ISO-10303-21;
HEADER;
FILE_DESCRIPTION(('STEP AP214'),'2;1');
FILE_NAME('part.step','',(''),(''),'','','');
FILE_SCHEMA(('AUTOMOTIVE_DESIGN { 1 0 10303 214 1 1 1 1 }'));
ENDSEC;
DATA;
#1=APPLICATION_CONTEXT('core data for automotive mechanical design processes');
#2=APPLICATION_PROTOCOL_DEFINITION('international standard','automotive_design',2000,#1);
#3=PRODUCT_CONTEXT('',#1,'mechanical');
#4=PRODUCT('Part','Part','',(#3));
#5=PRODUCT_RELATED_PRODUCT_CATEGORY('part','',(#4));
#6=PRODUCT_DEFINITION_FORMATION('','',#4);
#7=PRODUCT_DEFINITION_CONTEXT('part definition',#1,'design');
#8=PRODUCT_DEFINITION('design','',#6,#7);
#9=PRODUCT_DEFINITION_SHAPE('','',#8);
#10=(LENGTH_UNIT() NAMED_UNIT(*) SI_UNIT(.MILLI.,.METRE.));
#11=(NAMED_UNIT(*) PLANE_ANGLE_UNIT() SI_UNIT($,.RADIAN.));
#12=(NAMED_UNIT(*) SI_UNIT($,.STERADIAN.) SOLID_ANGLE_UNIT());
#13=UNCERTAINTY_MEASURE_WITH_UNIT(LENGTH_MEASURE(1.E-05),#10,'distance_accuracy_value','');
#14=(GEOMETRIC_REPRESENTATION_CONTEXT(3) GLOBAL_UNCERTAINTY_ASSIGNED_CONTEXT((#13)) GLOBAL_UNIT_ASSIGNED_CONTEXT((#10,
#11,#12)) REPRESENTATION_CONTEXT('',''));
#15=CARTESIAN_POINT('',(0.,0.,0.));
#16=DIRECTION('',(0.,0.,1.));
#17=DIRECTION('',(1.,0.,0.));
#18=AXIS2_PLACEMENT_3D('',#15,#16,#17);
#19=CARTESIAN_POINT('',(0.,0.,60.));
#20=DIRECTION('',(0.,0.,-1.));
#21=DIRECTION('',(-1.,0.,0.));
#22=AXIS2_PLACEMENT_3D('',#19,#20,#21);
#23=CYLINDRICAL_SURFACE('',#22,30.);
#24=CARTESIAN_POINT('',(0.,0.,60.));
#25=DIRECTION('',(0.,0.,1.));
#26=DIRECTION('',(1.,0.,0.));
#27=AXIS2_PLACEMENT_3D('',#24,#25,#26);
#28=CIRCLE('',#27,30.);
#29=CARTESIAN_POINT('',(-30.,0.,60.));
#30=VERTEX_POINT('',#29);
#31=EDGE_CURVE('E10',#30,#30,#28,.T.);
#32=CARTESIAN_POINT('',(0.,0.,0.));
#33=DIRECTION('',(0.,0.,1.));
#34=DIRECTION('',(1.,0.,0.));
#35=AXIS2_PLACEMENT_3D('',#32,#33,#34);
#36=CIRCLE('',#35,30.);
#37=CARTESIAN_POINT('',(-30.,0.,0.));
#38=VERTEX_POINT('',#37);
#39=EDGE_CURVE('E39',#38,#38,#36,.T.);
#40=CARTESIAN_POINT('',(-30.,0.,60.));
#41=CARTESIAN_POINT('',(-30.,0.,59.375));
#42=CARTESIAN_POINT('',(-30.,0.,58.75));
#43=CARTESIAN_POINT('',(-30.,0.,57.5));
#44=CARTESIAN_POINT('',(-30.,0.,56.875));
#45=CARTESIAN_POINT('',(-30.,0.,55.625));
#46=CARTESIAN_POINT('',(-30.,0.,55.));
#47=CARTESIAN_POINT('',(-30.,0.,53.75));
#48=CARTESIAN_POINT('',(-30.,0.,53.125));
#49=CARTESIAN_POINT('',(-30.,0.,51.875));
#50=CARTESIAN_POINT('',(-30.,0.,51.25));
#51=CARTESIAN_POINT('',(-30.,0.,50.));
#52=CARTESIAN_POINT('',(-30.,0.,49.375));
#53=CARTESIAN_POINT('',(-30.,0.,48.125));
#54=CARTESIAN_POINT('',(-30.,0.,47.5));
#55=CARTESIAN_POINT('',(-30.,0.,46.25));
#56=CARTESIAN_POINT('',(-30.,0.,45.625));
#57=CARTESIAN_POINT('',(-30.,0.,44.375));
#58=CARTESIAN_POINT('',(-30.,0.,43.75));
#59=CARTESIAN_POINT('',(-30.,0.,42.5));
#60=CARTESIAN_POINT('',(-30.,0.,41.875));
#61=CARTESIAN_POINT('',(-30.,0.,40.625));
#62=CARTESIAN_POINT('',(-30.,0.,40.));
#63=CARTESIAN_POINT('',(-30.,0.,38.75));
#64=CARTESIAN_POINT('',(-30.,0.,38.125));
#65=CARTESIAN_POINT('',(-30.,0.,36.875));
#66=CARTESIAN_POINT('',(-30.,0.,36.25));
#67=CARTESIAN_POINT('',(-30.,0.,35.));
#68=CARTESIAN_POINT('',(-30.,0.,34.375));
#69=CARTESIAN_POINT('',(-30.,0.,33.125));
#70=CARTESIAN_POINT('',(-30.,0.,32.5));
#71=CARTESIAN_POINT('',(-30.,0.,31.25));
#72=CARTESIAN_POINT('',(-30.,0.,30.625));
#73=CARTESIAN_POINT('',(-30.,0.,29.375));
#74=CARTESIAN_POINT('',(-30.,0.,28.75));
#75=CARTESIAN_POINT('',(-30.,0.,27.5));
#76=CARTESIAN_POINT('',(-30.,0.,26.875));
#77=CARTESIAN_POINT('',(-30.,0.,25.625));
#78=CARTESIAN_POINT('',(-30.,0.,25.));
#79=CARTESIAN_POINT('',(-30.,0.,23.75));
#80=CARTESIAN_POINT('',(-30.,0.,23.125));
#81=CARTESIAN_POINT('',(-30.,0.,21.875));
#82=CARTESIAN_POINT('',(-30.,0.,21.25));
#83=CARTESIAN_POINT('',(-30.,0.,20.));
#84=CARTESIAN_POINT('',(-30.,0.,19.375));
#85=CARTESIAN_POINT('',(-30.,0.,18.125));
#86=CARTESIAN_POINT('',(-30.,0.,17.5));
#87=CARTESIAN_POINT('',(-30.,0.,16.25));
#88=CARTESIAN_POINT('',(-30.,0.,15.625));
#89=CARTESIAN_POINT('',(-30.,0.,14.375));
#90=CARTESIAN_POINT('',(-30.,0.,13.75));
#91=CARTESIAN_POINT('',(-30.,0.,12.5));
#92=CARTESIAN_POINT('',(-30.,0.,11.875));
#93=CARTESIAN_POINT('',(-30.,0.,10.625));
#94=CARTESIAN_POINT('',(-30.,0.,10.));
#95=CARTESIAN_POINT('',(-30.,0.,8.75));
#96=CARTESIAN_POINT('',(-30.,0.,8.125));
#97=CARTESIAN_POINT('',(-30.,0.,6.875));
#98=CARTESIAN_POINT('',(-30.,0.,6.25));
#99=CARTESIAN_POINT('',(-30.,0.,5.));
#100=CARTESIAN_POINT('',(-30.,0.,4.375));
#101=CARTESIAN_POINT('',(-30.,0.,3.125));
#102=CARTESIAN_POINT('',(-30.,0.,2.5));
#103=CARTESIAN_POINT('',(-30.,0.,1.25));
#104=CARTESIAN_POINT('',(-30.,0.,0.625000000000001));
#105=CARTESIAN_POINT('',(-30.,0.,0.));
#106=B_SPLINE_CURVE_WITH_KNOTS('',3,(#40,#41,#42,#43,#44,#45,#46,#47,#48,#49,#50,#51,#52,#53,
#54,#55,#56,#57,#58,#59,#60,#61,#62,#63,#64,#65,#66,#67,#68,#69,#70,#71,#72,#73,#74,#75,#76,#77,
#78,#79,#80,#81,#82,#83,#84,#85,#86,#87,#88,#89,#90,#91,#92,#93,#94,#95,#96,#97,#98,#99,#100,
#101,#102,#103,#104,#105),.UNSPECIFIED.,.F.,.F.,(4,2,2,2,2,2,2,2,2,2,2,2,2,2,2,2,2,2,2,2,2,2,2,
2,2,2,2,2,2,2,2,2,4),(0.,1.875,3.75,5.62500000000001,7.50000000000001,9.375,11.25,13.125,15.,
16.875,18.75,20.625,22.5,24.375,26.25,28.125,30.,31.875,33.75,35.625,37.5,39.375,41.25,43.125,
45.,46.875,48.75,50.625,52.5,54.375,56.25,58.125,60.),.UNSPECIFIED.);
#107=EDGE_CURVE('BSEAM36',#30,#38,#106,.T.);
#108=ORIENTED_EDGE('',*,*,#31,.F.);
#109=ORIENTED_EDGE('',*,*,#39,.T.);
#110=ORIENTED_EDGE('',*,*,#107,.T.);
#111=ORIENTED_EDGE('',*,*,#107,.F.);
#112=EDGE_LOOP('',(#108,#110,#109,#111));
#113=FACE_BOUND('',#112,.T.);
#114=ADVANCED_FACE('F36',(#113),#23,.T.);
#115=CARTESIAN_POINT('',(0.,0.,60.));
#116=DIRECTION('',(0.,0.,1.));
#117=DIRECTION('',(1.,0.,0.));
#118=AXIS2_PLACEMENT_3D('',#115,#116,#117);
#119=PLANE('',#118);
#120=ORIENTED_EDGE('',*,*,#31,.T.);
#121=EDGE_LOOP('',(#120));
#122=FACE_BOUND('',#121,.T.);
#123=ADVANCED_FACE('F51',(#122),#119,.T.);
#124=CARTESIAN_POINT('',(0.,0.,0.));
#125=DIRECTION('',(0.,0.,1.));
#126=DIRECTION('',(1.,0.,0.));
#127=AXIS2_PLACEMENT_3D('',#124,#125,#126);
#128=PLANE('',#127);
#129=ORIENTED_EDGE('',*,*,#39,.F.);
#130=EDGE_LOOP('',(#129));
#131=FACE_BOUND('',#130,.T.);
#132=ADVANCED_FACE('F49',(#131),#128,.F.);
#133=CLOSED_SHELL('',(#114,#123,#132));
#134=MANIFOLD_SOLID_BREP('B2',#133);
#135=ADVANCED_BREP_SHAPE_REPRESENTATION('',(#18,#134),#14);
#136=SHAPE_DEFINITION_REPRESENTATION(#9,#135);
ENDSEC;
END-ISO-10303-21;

### [Required action]
Write out exactly the lines above between the line with "#57=CARTESIAN_POINT('',(-30.,0.,44.375));" and the line with "#65=CARTESIAN_POINT('',(-30.,0.,36.875));", inclusive, and nothing beyond them.

### [Solved problem]
#57=CARTESIAN_POINT('',(-30.,0.,44.375));
#58=CARTESIAN_POINT('',(-30.,0.,43.75));
#59=CARTESIAN_POINT('',(-30.,0.,42.5));
#60=CARTESIAN_POINT('',(-30.,0.,41.875));
#61=CARTESIAN_POINT('',(-30.,0.,40.625));
#62=CARTESIAN_POINT('',(-30.,0.,40.));
#63=CARTESIAN_POINT('',(-30.,0.,38.75));
#64=CARTESIAN_POINT('',(-30.,0.,38.125));
#65=CARTESIAN_POINT('',(-30.,0.,36.875));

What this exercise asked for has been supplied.